**DATASET RECORDS**
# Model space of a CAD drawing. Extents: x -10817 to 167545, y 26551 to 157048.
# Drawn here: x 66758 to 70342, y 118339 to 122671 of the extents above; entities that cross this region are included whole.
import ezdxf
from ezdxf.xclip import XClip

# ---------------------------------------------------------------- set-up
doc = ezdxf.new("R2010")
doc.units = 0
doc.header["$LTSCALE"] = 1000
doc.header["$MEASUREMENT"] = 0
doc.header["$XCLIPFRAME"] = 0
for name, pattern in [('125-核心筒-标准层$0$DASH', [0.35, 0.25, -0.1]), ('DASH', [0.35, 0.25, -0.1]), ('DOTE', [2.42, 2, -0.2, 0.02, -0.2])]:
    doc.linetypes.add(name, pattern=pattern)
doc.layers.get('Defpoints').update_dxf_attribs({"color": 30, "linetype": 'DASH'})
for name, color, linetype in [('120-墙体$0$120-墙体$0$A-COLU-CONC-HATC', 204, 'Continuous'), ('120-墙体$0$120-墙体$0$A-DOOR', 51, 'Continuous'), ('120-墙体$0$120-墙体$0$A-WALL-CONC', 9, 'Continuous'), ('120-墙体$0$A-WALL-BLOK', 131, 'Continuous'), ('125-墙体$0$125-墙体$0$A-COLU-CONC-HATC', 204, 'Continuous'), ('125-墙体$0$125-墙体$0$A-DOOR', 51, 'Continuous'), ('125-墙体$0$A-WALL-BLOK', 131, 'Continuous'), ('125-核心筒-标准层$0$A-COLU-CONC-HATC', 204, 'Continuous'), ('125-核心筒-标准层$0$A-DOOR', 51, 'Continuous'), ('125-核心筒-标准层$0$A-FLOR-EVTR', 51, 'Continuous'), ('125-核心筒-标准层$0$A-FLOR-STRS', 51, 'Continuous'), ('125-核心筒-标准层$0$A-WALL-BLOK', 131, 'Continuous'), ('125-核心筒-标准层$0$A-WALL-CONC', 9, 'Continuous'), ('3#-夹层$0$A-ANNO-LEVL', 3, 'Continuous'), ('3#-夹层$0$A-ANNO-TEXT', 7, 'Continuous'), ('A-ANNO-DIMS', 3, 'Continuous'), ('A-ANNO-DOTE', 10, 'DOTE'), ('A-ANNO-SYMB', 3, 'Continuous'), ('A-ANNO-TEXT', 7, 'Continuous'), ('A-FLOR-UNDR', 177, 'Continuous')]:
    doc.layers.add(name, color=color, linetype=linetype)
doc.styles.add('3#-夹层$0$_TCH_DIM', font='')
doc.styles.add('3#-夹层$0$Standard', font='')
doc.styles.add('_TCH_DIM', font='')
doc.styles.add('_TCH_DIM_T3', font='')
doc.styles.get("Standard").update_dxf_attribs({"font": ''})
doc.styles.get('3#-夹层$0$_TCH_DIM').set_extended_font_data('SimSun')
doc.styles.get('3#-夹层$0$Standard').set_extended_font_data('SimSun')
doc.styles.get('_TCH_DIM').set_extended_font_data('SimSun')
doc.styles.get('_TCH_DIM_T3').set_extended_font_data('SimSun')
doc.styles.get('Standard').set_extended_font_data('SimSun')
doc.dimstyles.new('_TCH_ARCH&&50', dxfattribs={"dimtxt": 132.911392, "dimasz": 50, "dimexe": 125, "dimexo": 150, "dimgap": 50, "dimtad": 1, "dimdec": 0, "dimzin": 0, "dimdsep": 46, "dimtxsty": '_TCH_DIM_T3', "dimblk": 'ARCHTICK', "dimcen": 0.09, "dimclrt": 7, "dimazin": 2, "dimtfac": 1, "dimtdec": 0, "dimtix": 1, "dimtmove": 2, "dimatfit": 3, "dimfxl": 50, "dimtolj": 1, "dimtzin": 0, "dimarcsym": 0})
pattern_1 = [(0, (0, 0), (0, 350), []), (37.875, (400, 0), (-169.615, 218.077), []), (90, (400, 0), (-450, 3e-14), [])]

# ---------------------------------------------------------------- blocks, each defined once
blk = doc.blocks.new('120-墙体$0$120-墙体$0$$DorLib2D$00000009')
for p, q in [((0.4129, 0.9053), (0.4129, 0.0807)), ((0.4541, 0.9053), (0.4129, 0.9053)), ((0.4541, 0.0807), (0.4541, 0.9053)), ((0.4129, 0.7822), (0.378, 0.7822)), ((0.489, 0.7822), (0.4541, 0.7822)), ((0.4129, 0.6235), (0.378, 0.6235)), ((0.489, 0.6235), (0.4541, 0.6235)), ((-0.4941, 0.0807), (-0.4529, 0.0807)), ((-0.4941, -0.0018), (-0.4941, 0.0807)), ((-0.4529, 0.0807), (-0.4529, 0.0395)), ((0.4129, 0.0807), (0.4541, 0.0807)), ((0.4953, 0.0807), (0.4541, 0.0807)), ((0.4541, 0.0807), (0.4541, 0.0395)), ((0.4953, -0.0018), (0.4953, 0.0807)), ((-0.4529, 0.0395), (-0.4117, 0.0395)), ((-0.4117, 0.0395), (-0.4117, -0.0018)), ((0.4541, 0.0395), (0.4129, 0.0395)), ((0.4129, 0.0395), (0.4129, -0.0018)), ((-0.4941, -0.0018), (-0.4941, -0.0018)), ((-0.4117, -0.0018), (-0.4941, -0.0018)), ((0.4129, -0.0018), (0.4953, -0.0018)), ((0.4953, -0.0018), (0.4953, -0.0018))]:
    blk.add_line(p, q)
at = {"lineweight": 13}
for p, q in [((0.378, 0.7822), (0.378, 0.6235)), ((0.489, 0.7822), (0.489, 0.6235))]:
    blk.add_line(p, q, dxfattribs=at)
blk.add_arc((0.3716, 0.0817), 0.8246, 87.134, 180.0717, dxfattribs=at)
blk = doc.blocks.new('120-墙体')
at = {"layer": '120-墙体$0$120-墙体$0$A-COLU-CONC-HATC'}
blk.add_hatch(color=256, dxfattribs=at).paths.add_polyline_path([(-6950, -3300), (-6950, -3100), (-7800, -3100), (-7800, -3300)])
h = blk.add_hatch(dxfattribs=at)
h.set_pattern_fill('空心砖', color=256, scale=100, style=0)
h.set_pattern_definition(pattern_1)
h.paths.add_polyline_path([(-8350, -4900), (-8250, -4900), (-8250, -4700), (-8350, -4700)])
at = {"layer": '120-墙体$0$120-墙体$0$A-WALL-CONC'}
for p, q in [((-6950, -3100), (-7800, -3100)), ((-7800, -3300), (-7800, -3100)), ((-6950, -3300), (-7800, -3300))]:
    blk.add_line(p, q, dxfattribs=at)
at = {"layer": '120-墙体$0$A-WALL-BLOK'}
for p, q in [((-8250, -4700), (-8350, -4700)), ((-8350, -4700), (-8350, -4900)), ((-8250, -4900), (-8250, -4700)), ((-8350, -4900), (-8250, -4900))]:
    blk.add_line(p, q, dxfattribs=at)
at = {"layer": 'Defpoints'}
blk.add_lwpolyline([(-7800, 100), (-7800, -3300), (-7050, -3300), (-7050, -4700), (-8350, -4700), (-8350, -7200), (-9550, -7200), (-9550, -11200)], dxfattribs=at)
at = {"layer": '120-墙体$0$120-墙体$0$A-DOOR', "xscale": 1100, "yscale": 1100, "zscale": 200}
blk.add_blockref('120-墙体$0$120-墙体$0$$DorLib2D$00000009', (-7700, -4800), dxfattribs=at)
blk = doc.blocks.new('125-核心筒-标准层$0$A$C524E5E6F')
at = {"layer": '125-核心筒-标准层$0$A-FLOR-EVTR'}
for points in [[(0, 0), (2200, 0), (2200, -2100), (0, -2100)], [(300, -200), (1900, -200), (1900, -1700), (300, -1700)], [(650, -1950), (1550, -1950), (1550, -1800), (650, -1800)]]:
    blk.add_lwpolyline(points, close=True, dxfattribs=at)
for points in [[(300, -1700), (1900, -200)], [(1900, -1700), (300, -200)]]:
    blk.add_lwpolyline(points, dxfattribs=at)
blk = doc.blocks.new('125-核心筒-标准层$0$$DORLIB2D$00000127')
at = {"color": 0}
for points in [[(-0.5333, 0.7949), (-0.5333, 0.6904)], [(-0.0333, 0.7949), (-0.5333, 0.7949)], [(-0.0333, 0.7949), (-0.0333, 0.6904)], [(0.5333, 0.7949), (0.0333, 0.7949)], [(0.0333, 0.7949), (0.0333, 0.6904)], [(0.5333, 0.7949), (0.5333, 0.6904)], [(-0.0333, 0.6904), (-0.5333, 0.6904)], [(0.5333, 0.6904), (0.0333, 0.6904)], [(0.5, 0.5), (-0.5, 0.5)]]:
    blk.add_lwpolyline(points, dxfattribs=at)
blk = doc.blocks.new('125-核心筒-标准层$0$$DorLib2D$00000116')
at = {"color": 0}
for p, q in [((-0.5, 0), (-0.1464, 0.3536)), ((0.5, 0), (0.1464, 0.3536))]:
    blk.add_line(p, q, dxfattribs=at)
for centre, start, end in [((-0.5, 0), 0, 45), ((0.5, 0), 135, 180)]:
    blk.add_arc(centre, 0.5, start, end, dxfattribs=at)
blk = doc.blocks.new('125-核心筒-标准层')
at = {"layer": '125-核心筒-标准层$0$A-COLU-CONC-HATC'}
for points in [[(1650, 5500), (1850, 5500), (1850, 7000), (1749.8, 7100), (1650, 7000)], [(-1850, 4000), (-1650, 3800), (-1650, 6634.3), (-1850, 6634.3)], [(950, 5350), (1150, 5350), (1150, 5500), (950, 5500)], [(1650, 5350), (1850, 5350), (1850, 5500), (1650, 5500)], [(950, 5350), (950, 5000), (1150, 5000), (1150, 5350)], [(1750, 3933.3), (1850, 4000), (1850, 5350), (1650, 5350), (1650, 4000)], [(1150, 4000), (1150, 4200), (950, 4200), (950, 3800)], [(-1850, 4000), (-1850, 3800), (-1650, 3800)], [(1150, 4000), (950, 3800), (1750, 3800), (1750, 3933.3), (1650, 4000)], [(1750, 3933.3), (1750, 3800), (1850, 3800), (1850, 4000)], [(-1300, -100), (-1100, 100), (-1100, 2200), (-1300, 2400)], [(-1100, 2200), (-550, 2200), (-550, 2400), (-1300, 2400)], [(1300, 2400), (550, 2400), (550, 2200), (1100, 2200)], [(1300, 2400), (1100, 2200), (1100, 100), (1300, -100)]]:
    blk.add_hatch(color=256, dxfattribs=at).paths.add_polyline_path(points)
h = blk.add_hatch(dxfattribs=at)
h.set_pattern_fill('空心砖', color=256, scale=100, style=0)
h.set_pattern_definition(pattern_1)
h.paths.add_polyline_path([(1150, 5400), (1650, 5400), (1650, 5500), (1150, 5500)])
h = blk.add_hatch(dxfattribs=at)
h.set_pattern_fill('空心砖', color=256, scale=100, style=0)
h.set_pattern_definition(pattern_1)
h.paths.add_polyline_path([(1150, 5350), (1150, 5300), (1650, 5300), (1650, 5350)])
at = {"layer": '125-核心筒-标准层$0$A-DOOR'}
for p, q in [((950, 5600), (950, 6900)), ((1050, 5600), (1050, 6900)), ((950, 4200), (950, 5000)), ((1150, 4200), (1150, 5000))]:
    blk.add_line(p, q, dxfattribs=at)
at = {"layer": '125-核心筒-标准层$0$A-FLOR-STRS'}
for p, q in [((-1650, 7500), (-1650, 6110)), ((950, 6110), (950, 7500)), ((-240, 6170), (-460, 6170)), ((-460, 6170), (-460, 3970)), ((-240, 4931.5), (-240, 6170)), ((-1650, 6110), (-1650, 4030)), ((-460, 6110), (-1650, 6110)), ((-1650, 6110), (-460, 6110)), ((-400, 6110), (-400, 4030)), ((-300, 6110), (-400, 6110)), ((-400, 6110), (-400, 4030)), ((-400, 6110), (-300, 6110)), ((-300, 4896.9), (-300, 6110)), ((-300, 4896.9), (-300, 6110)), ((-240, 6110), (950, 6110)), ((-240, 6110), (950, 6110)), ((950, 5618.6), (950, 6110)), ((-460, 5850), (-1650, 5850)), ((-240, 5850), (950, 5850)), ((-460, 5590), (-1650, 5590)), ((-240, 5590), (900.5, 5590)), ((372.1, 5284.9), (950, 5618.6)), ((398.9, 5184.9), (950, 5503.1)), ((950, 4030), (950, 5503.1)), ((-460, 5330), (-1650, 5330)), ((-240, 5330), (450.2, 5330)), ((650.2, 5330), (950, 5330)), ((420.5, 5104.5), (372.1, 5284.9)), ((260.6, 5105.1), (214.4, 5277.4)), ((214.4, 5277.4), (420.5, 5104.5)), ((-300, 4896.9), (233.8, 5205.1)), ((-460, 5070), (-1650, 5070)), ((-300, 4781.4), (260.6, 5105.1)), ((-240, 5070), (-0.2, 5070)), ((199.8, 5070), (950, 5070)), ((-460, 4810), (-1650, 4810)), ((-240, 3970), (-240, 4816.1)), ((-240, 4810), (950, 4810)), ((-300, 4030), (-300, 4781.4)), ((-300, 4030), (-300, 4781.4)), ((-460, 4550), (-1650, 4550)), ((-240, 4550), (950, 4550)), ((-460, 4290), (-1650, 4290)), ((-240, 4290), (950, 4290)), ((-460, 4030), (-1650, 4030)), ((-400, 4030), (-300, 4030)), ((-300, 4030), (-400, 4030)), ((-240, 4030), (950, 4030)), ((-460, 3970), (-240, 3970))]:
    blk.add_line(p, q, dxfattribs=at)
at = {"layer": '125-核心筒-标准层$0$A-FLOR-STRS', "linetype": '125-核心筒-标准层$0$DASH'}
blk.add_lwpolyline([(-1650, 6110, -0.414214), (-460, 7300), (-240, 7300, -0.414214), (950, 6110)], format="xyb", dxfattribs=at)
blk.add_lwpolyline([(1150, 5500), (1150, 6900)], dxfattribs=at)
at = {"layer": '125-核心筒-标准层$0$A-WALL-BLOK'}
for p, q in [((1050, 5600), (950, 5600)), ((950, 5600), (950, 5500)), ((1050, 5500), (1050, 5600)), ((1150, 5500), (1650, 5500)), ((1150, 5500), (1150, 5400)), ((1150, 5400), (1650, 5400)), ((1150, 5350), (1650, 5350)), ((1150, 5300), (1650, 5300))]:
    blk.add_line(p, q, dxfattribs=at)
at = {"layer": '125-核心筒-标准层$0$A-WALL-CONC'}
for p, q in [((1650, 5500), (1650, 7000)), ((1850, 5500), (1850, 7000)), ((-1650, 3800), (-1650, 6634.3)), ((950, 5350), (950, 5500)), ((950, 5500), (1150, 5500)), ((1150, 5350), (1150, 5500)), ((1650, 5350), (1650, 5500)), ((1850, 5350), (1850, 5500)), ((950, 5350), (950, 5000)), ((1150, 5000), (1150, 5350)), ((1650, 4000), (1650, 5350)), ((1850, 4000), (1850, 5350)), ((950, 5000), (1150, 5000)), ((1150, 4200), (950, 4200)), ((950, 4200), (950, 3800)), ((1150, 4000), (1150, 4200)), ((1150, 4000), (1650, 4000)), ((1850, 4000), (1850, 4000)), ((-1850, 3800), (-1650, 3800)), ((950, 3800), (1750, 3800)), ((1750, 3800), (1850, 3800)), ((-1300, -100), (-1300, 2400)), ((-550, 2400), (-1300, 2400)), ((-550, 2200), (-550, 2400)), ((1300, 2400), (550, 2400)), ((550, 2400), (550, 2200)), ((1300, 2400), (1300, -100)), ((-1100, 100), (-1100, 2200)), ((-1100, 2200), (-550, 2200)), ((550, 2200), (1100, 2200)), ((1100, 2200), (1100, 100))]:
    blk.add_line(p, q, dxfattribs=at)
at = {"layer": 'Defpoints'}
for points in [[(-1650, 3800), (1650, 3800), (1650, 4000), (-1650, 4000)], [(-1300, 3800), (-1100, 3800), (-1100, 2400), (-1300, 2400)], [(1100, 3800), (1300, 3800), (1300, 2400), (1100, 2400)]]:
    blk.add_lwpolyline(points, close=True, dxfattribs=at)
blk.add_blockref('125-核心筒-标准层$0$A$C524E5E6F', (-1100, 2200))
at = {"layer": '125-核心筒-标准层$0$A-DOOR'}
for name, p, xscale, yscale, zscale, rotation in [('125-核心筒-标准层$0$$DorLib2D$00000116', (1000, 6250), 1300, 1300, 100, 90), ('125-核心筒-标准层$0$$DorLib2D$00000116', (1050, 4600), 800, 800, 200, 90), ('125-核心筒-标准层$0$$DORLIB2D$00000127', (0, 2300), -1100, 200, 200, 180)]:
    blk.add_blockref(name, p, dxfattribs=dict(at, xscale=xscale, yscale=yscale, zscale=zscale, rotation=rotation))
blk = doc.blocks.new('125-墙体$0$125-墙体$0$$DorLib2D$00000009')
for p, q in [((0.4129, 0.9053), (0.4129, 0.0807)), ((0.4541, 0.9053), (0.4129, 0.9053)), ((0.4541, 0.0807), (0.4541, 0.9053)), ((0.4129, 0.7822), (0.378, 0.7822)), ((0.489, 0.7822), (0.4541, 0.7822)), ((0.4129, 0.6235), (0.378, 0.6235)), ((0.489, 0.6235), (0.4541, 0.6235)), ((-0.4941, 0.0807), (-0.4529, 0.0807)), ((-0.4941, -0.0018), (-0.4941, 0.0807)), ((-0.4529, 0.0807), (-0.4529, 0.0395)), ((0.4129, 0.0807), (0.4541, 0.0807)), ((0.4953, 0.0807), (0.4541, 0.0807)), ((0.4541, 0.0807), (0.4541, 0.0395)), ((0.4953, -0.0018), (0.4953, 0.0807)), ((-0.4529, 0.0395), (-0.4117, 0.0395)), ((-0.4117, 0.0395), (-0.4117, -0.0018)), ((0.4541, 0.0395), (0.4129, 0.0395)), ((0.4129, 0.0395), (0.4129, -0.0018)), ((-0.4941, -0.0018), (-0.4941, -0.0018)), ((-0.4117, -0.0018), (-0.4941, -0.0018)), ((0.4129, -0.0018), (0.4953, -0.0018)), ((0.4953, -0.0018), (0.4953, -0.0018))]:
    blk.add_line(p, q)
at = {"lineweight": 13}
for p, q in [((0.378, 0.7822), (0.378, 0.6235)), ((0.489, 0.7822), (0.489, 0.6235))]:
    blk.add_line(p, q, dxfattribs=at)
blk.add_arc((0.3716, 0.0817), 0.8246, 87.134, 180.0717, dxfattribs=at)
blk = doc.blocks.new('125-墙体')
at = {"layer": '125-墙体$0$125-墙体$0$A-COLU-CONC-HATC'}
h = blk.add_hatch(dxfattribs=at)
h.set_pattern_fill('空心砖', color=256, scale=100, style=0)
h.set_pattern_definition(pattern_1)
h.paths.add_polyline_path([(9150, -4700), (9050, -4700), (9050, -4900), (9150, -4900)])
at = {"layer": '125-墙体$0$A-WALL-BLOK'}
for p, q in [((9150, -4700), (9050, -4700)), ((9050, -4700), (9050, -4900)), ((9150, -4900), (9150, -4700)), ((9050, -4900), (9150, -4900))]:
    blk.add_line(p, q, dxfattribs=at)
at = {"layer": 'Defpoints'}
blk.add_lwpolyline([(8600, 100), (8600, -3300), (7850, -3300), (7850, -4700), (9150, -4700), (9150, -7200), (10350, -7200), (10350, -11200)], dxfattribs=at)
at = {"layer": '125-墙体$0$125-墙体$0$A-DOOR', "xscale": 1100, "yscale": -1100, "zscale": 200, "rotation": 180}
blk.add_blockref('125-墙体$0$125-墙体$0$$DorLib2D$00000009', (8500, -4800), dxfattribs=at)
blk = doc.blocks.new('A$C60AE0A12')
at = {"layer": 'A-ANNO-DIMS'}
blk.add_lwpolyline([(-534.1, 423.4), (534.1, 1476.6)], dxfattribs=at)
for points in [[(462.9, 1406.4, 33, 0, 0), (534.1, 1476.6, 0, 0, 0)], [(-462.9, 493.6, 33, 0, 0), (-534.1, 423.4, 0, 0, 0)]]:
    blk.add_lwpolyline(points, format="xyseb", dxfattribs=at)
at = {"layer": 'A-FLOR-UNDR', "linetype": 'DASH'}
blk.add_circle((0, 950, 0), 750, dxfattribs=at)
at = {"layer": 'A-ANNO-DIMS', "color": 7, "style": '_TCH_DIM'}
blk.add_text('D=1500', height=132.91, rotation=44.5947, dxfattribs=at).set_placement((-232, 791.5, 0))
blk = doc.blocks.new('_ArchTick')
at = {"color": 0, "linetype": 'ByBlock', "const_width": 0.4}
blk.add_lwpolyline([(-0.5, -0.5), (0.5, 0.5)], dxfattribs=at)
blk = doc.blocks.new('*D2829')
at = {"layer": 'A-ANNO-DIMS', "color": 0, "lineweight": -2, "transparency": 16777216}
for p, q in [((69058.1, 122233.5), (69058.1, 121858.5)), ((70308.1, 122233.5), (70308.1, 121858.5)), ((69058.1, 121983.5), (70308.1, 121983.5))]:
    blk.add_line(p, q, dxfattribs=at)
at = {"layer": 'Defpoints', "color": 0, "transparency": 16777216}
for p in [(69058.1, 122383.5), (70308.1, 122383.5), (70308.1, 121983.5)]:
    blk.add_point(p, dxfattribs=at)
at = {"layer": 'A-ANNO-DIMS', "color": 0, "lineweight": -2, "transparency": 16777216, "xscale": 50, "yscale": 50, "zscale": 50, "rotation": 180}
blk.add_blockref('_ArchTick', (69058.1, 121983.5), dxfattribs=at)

**THE TASK**
Restate the entries above word for word, beginning with their first line and ending with the line holding "for name, color, linetype"; omit everything else.

**YOUR SOLUTION**
# Model space of a CAD drawing. Extents: x -10817 to 167545, y 26551 to 157048.
# Drawn here: x 66758 to 70342, y 118339 to 122671 of the extents above; entities that cross this region are included whole.
import ezdxf
from ezdxf.xclip import XClip

# ---------------------------------------------------------------- set-up
doc = ezdxf.new("R2010")
doc.units = 0
doc.header["$LTSCALE"] = 1000
doc.header["$MEASUREMENT"] = 0
doc.header["$XCLIPFRAME"] = 0
for name, pattern in [('125-核心筒-标准层$0$DASH', [0.35, 0.25, -0.1]), ('DASH', [0.35, 0.25, -0.1]), ('DOTE', [2.42, 2, -0.2, 0.02, -0.2])]:
    doc.linetypes.add(name, pattern=pattern)
doc.layers.get('Defpoints').update_dxf_attribs({"color": 30, "linetype": 'DASH'})
for name, color, linetype in [('120-墙体$0$120-墙体$0$A-COLU-CONC-HATC', 204, 'Continuous'), ('120-墙体$0$120-墙体$0$A-DOOR', 51, 'Continuous'), ('120-墙体$0$120-墙体$0$A-WALL-CONC', 9, 'Continuous'), ('120-墙体$0$A-WALL-BLOK', 131, 'Continuous'), ('125-墙体$0$125-墙体$0$A-COLU-CONC-HATC', 204, 'Continuous'), ('125-墙体$0$125-墙体$0$A-DOOR', 51, 'Continuous'), ('125-墙体$0$A-WALL-BLOK', 131, 'Continuous'), ('125-核心筒-标准层$0$A-COLU-CONC-HATC', 204, 'Continuous'), ('125-核心筒-标准层$0$A-DOOR', 51, 'Continuous'), ('125-核心筒-标准层$0$A-FLOR-EVTR', 51, 'Continuous'), ('125-核心筒-标准层$0$A-FLOR-STRS', 51, 'Continuous'), ('125-核心筒-标准层$0$A-WALL-BLOK', 131, 'Continuous'), ('125-核心筒-标准层$0$A-WALL-CONC', 9, 'Continuous'), ('3#-夹层$0$A-ANNO-LEVL', 3, 'Continuous'), ('3#-夹层$0$A-ANNO-TEXT', 7, 'Continuous'), ('A-ANNO-DIMS', 3, 'Continuous'), ('A-ANNO-DOTE', 10, 'DOTE'), ('A-ANNO-SYMB', 3, 'Continuous'), ('A-ANNO-TEXT', 7, 'Continuous'), ('A-FLOR-UNDR', 177, 'Continuous')]:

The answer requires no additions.